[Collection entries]

....

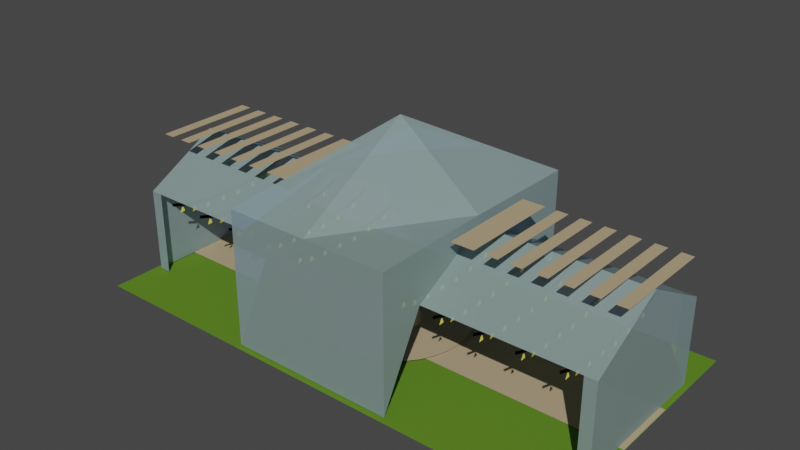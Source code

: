 # Source: Building.blend  (saved by Blender 2.93.20; exported with 4.5.12 LTS)
import bpy
from mathutils import Matrix  # noqa: F401  (used for matrix-valued properties, if any)

bpy.ops.wm.read_factory_settings(use_empty=True)
scene = bpy.context.scene
scene.name = 'Scene'

# ---- collections
col_collection = bpy.data.collections.new('Collection'); scene.collection.children.link(col_collection)

# ---- materials (node trees are filled in below, after node groups)
mat_material = bpy.data.materials.new('Material')
mat_material.alpha_threshold = 0.0
mat_material.use_transparent_shadow = False
mat_material.line_color = (0.0, 0.0, 0.0, 1.0)
mat_material_001 = bpy.data.materials.new('Material.001')
mat_material_001.use_transparent_shadow = False
mat_vidrio = bpy.data.materials.new('vidrio')
mat_vidrio.surface_render_method = 'BLENDED'
mat_vidrio.blend_method = 'BLEND'
mat_vidrio.use_transparent_shadow = False
mat_material_002 = bpy.data.materials.new('Material.002')
mat_material_002.use_transparent_shadow = False
mat_material_003 = bpy.data.materials.new('Material.003')
mat_material_003.use_transparent_shadow = False
mat_roca = bpy.data.materials.new('Roca')
mat_roca.use_transparent_shadow = False

# ---- material node trees
mat_material.use_nodes = True; mat_material.node_tree.nodes.clear()
_N = mat_material.node_tree.nodes; _L = mat_material.node_tree.links
n0 = _N.new('ShaderNodeOutputMaterial'); n0.name = 'Material Output'; n0.location = (300, 300)
n1 = _N.new('ShaderNodeBsdfPrincipled'); n1.name = 'Principled BSDF'; n1.location = (10, 300)
n1.distribution = 'GGX'
n1.subsurface_method = 'BURLEY'
n1.inputs[0].default_value = (0.1554, 0.3264, 0.03092, 1.0)
n1.inputs[2].default_value = 1.0
n1.inputs[3].default_value = 1.45
n1.inputs[13].default_value = 0.0
n1.inputs[27].default_value = (0.0, 0.0, 0.0, 1.0)
n1.inputs[28].default_value = 1.0
_L.new(n1.outputs[0], n0.inputs[0])
n0.is_active_output = True
mat_material_001.use_nodes = True; mat_material_001.node_tree.nodes.clear()
_N = mat_material_001.node_tree.nodes; _L = mat_material_001.node_tree.links
n0 = _N.new('ShaderNodeBsdfPrincipled'); n0.name = 'Principled BSDF'; n0.location = (10, 300)
n0.distribution = 'GGX'
n0.subsurface_method = 'BURLEY'
n0.inputs[0].default_value = (0.6267, 0.4858, 0.2971, 1.0)
n0.inputs[2].default_value = 1.0
n0.inputs[3].default_value = 1.45
n0.inputs[13].default_value = 0.0
n0.inputs[27].default_value = (0.0, 0.0, 0.0, 1.0)
n0.inputs[28].default_value = 1.0
n1 = _N.new('ShaderNodeOutputMaterial'); n1.name = 'Material Output'; n1.location = (300, 300)
_L.new(n0.outputs[0], n1.inputs[0])
n1.is_active_output = True
mat_vidrio.use_nodes = True; mat_vidrio.node_tree.nodes.clear()
_N = mat_vidrio.node_tree.nodes; _L = mat_vidrio.node_tree.links
n0 = _N.new('ShaderNodeOutputMaterial'); n0.name = 'Material Output'; n0.location = (635, 450)
n1 = _N.new('ShaderNodeMixShader'); n1.name = 'Mix Shader'; n1.location = (415, 438)
n2 = _N.new('ShaderNodeBsdfTransparent'); n2.name = 'Transparent BSDF'; n2.location = (149, 227)
n2.inputs[0].default_value = (0.4728, 0.5835, 1.0, 0.5025)
n3 = _N.new('ShaderNodeBsdfPrincipled'); n3.name = 'Principled BSDF'; n3.location = (-126, 530)
n3.distribution = 'GGX'
n3.subsurface_method = 'BURLEY'
n3.inputs[0].default_value = (0.5883, 0.8, 0.7572, 0.2873)
n3.inputs[2].default_value = 0.3955
n3.inputs[3].default_value = 1.45
n3.inputs[13].default_value = 0.2864
n3.inputs[27].default_value = (0.0, 0.0, 0.0, 1.0)
n3.inputs[28].default_value = 1.0
_L.new(n3.outputs[0], n1.inputs[1])
_L.new(n1.outputs[0], n0.inputs[0])
_L.new(n2.outputs[0], n1.inputs[2])
n0.is_active_output = True
mat_material_002.use_nodes = True; mat_material_002.node_tree.nodes.clear()
_N = mat_material_002.node_tree.nodes; _L = mat_material_002.node_tree.links
n0 = _N.new('ShaderNodeBsdfPrincipled'); n0.name = 'Principled BSDF'; n0.location = (10, 300)
n0.distribution = 'GGX'
n0.subsurface_method = 'BURLEY'
n0.inputs[0].default_value = (0.002579, 0.002579, 0.002579, 1.0)
n0.inputs[2].default_value = 0.8394
n0.inputs[3].default_value = 1.45
n0.inputs[13].default_value = 0.0
n0.inputs[27].default_value = (0.0, 0.0, 0.0, 1.0)
n0.inputs[28].default_value = 1.0
n1 = _N.new('ShaderNodeOutputMaterial'); n1.name = 'Material Output'; n1.location = (300, 300)
_L.new(n0.outputs[0], n1.inputs[0])
n1.is_active_output = True
mat_material_003.use_nodes = True; mat_material_003.node_tree.nodes.clear()
_N = mat_material_003.node_tree.nodes; _L = mat_material_003.node_tree.links
n0 = _N.new('ShaderNodeBsdfPrincipled'); n0.name = 'Principled BSDF'; n0.location = (10, 300)
n0.distribution = 'GGX'
n0.subsurface_method = 'BURLEY'
n0.inputs[0].default_value = (0.7844, 0.8, 0.139, 1.0)
n0.inputs[2].default_value = 0.3303
n0.inputs[3].default_value = 1.45
n0.inputs[13].default_value = 0.8165
n0.inputs[27].default_value = (0.233, 0.2157, 0.02303, 1.0)
n0.inputs[28].default_value = 1.0
n1 = _N.new('ShaderNodeOutputMaterial'); n1.name = 'Material Output'; n1.location = (300, 300)
_L.new(n0.outputs[0], n1.inputs[0])
n1.is_active_output = True
mat_roca.use_nodes = True; mat_roca.node_tree.nodes.clear()
_N = mat_roca.node_tree.nodes; _L = mat_roca.node_tree.links
n0 = _N.new('ShaderNodeBsdfPrincipled'); n0.name = 'Principled BSDF'; n0.location = (10, 300)
n0.distribution = 'GGX'
n0.subsurface_method = 'BURLEY'
n0.inputs[0].default_value = (0.8, 0.6176, 0.4645, 1.0)
n0.inputs[2].default_value = 1.0
n0.inputs[3].default_value = 1.45
n0.inputs[13].default_value = 0.0
n0.inputs[27].default_value = (0.0, 0.0, 0.0, 1.0)
n0.inputs[28].default_value = 1.0
n1 = _N.new('ShaderNodeOutputMaterial'); n1.name = 'Material Output'; n1.location = (300, 300)
_L.new(n0.outputs[0], n1.inputs[0])
n1.is_active_output = True

# ---- world
world_world = bpy.data.worlds.new('World'); scene.world = world_world
world_world.use_nodes = True; world_world.node_tree.nodes.clear()
_N = world_world.node_tree.nodes; _L = world_world.node_tree.links
n0 = _N.new('ShaderNodeOutputWorld'); n0.name = 'World Output'; n0.location = (300, 300)
n1 = _N.new('ShaderNodeBackground'); n1.name = 'Background'; n1.location = (10, 300)
n1.inputs[0].default_value = (0.05088, 0.05088, 0.05088, 1.0)
_L.new(n1.outputs[0], n0.inputs[0])
n0.is_active_output = True
world_world.color = (0.05088, 0.05088, 0.05088)
world_world.use_sun_shadow = False
world_world.sun_shadow_jitter_overblur = 0.0

# ---- lights
light_sun = bpy.data.lights.new('Sun', 'SUN')
light_sun.transmission_factor = 0.0
light_sun.energy = 2.03
light_sun.shadow_soft_size = 0.125

# ---- meshes
me_plane = bpy.data.meshes.new('Plane')
me_plane.from_pydata([(-1.0, -1.0, 0.0), (3.0, -1.0, 0.0), (-1.0, 1.0, 0.0), (3.0, 1.0, 0.0)], [], [(0, 1, 3, 2)])
_uv = me_plane.uv_layers.new(name='UVMap')
_uv.uv.foreach_set('vector', [0.0, 0.0, 1.0, 0.0, 1.0, 1.0, 0.0, 1.0])
me_plane.materials.append(mat_material)
me_plane.use_remesh_fix_poles = True
me_plane.use_remesh_preserve_attributes = False
me_plane.update()
me_plane_001 = bpy.data.meshes.new('Plane.001')
me_plane_001.from_pydata([(-1.0, -0.2658, 0.0), (3.0, -0.2658, 0.0), (-1.0, 0.2658, 0.0), (3.0, 0.2658, 0.0), (0.9558, 0.5824, 0.01854), (1.069, 0.5712, 0.01854), (1.179, 0.5381, 0.01854), (1.279, 0.4843, 0.01854), (1.368, 0.4118, 0.01854), (1.44, 0.3236, 0.01854), (1.494, 0.2229, 0.01854), (1.527, 0.1136, 0.01854), (1.538, -2.546e-08, 0.01854), (1.527, -0.1136, 0.01854), (1.494, -0.2229, 0.01854), (1.44, -0.3236, 0.01854), (1.368, -0.4118, 0.01854), (1.279, -0.4843, 0.01854), (1.179, -0.5381, 0.01854), (1.069, -0.5712, 0.01854), (0.9558, -0.5824, 0.01854), (0.8422, -0.5712, 0.01854), (0.7329, -0.5381, 0.01854), (0.6322, -0.4843, 0.01854), (0.544, -0.4118, 0.01854), (0.4715, -0.3236, 0.01854), (0.4177, -0.2229, 0.01854), (0.3846, -0.1136, 0.01854), (0.3734, 6.945e-09, 0.01854), (0.3846, 0.1136, 0.01854), (0.4177, 0.2229, 0.01854), (0.4715, 0.3236, 0.01854), (0.544, 0.4118, 0.01854), (0.6322, 0.4843, 0.01854), (0.7329, 0.5381, 0.01854), (0.8422, 0.5712, 0.01854)], [], [(0, 1, 3, 2), (5, 4, 35, 34, 33, 32, 31, 30, 29, 28, 27, 26, 25, 24, 23, 22, 21, 20, 19, 18, 17, 16, 15, 14, 13, 12, 11, 10, 9, 8, 7, 6)])
_uv = me_plane_001.uv_layers.new(name='UVMap')
_uv.uv.foreach_set('vector', [0.0, 0.0, 1.0, 0.0, 1.0, 1.0, 0.0, 1.0, 0.2968, 0.4854, 0.25, 0.49, 0.2032, 0.4854, 0.1582, 0.4717, 0.1167, 0.4496, 0.08029, 0.4197, 0.05045, 0.3833, 0.02827, 0.3418, 0.01461, 0.2968, 0.01, 0.25, 0.01461, 0.2032, 0.02827, 0.1582, 0.05045, 0.1167, 0.08029, 0.08029, 0.1167, 0.05045, 0.1582, 0.02827, 0.2032, 0.01461, 0.25, 0.01, 0.2968, 0.01461, 0.3418, 0.02827, 0.3833, 0.05045, 0.4197, 0.08029, 0.4496, 0.1167, 0.4717, 0.1582, 0.4854, 0.2032, 0.49, 0.25, 0.4854, 0.2968, 0.4717, 0.3418, 0.4496, 0.3833, 0.4197, 0.4197, 0.3833, 0.4496, 0.3418, 0.4717])
me_plane_001.materials.append(mat_material_001)
me_plane_001.use_remesh_fix_poles = True
me_plane_001.use_remesh_preserve_attributes = False
me_plane_001.update()
me_cube_005 = bpy.data.meshes.new('Cube.005')
me_cube_005.from_pydata([(0.3611, -1.007, 0.007602), (0.3611, -1.007, 1.124), (0.3611, 1.007, 0.007602), (0.3611, 1.007, 1.124), (1.752, -1.007, 0.007602), (1.752, -1.007, 1.124), (1.752, 1.007, 0.007602), (1.752, 1.007, 1.124), (0.3611, 0.0, 1.135), (1.752, 0.0, 1.135), (1.056, 1.007, 0.007602), (1.056, 1.007, 1.124), (1.056, -1.007, 0.007602), (1.056, -1.007, 1.124), (1.056, 0.0, 1.699), (-1.0, -0.6384, 0.007602), (-1.0, -0.6384, 0.7143), (-1.0, 0.6384, 0.007602), (-1.0, 0.6384, 0.7143), (3.113, -0.6384, 0.007602), (3.113, -0.6384, 0.7143), (3.113, 0.6384, 0.007602), (3.113, 0.6384, 0.7143), (-1.0, 0.0, 0.007602), (-1.0, 0.0, 1.06), (3.113, 0.0, 0.007602), (3.113, 0.0, 1.06), (3.015, 0.6384, 0.007602), (3.015, 0.6384, 0.7143), (3.015, -0.6384, 0.007602), (3.015, -0.6384, 0.7143), (3.015, 0.0, 1.06), (-0.9019, 0.6384, 0.007602), (-0.9019, -0.6384, 0.7143), (-0.9019, 0.6384, 0.7143), (-0.9019, -0.6384, 0.007602), (-0.9019, 0.0, 1.06), (1.754, 0.6384, 0.7143), (1.754, 0.0, 1.06), (1.754, -0.6384, 0.7143), (0.3644, -0.6384, 0.7143), (0.3644, 0.6384, 0.7143), (0.3644, 0.0, 1.06)], [], [(10, 11, 7, 6), (12, 13, 1, 0), (14, 8, 1, 13), (11, 3, 8, 14), (7, 11, 14, 9), (9, 14, 13, 5), (4, 5, 13, 12), (2, 3, 11, 10), (23, 24, 18, 17), (27, 28, 22, 21), (25, 26, 20, 19), (35, 33, 16, 15), (36, 24, 16, 33), (34, 18, 24, 36), (21, 22, 26, 25), (15, 16, 24, 23), (22, 28, 31, 26), (26, 31, 30, 20), (19, 20, 30, 29), (17, 18, 34, 32), (41, 34, 36, 42), (42, 36, 33, 40), (31, 38, 39, 30), (28, 37, 38, 31), (5, 39, 38, 9), (9, 38, 37, 7), (8, 3, 41, 42), (1, 8, 42, 40), (6, 7, 37), (4, 39, 5), (1, 40, 0), (2, 41, 3)])
_uv = me_cube_005.uv_layers.new(name='UVMap')
_uv.uv.foreach_set('vector', [0.375, 0.375, 0.625, 0.375, 0.625, 0.5, 0.375, 0.5, 0.375, 0.875, 0.625, 0.875, 0.625, 1.0, 0.375, 1.0, 0.75, 0.625, 0.875, 0.625, 0.875, 0.75, 0.75, 0.75, 0.75, 0.5, 0.875, 0.5, 0.875, 0.625, 0.75, 0.625, 0.625, 0.5, 0.75, 0.5, 0.75, 0.625, 0.625, 0.625, 0.625, 0.625, 0.75, 0.625, 0.75, 0.75, 0.625, 0.75, 0.375, 0.75, 0.625, 0.75, 0.625, 0.875, 0.375, 0.875, 0.375, 0.25, 0.625, 0.25, 0.625, 0.375, 0.375, 0.375, 0.375, 0.125, 0.625, 0.125, 0.625, 0.25, 0.375, 0.25, 0.375, 0.494, 0.625, 0.494, 0.625, 0.5, 0.375, 0.5, 0.375, 0.625, 0.625, 0.625, 0.625, 0.75, 0.375, 0.75, 0.375, 0.994, 0.625, 0.994, 0.625, 1.0, 0.375, 1.0, 0.869, 0.625, 0.875, 0.625, 0.875, 0.75, 0.869, 0.75, 0.869, 0.5, 0.875, 0.5, 0.875, 0.625, 0.869, 0.625, 0.375, 0.5, 0.625, 0.5, 0.625, 0.625, 0.375, 0.625, 0.375, 0.0, 0.625, 0.0, 0.625, 0.125, 0.375, 0.125, 0.625, 0.5, 0.631, 0.5, 0.631, 0.625, 0.625, 0.625, 0.625, 0.625, 0.631, 0.625, 0.631, 0.75, 0.625, 0.75, 0.375, 0.75, 0.625, 0.75, 0.625, 0.756, 0.375, 0.756, 0.375, 0.25, 0.625, 0.25, 0.625, 0.256, 0.375, 0.256, 0.7921, 0.5, 0.869, 0.5, 0.869, 0.625, 0.7921, 0.625, 0.7921, 0.625, 0.869, 0.625, 0.869, 0.75, 0.7921, 0.75, 0.631, 0.625, 0.7076, 0.625, 0.7076, 0.75, 0.631, 0.75, 0.631, 0.5, 0.7076, 0.5, 0.7076, 0.625, 0.631, 0.625, 0.625, 0.75, 0.7076, 0.75, 0.7076, 0.625, 0.625, 0.625, 0.625, 0.625, 0.7076, 0.625, 0.7076, 0.5, 0.625, 0.5, 0.875, 0.625, 0.875, 0.5, 0.7921, 0.5, 0.7921, 0.625, 0.875, 0.75, 0.875, 0.625, 0.7921, 0.625, 0.7921, 0.75, 0.375, 0.5, 0.625, 0.5, 0.7076, 0.5, 0.375, 0.75, 0.7076, 0.75, 0.625, 0.75, 0.875, 0.75, 0.7921, 0.75, 0.375, 1.0, 0.375, 0.25, 0.7921, 0.5, 0.875, 0.5])
me_cube_005.materials.append(mat_vidrio)
me_cube_005.use_remesh_fix_poles = True
me_cube_005.use_remesh_preserve_attributes = False
me_cube_005.update()
me_plane_011 = bpy.data.meshes.new('Plane.011')
me_plane_011.from_pydata([(-4.934, -0.1123, -2.108e-07), (4.934, -0.1123, 1.332e-07), (-4.934, 0.1123, -1.332e-07), (4.934, 0.1123, 2.108e-07), (-3.311, -0.6407, -1.313e-07), (-1.673, -0.8189, -6.647e-08), (-0.03027, -0.8691, -7.046e-09), (1.616, -0.8189, 4.817e-08), (3.268, -0.6407, 9.801e-08), (3.268, -0.4162, 1.756e-07), (1.616, -0.5944, 1.258e-07), (-0.03027, -0.6445, 7.056e-08), (-1.673, -0.5944, 1.114e-08), (-3.311, -0.4162, -5.366e-08), (-4.327, -0.7805, -1.696e-07), (-3.948, -0.7681, -1.681e-07), (-4.05, -0.4673, -9.832e-08), (-4.162, -0.4289, -9.034e-08), (-3.336, -1.086, -1.129e-07), (-2.957, -1.073, -1.115e-07), (-3.058, -0.7724, -4.165e-08), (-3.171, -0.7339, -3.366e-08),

....

= Work instruction =
Produce only the lines from the line containing "col_collection = bpy.data.collections.new('Collection');" through the line containing "mat_material.use_transparent_shadow = False", inclusive of both, exactly as they stand in the entries above.

= Your solution =
col_collection = bpy.data.collections.new('Collection'); scene.collection.children.link(col_collection)

# ---- materials (node trees are filled in below, after node groups)
mat_material = bpy.data.materials.new('Material')
mat_material.alpha_threshold = 0.0
mat_material.use_transparent_shadow = False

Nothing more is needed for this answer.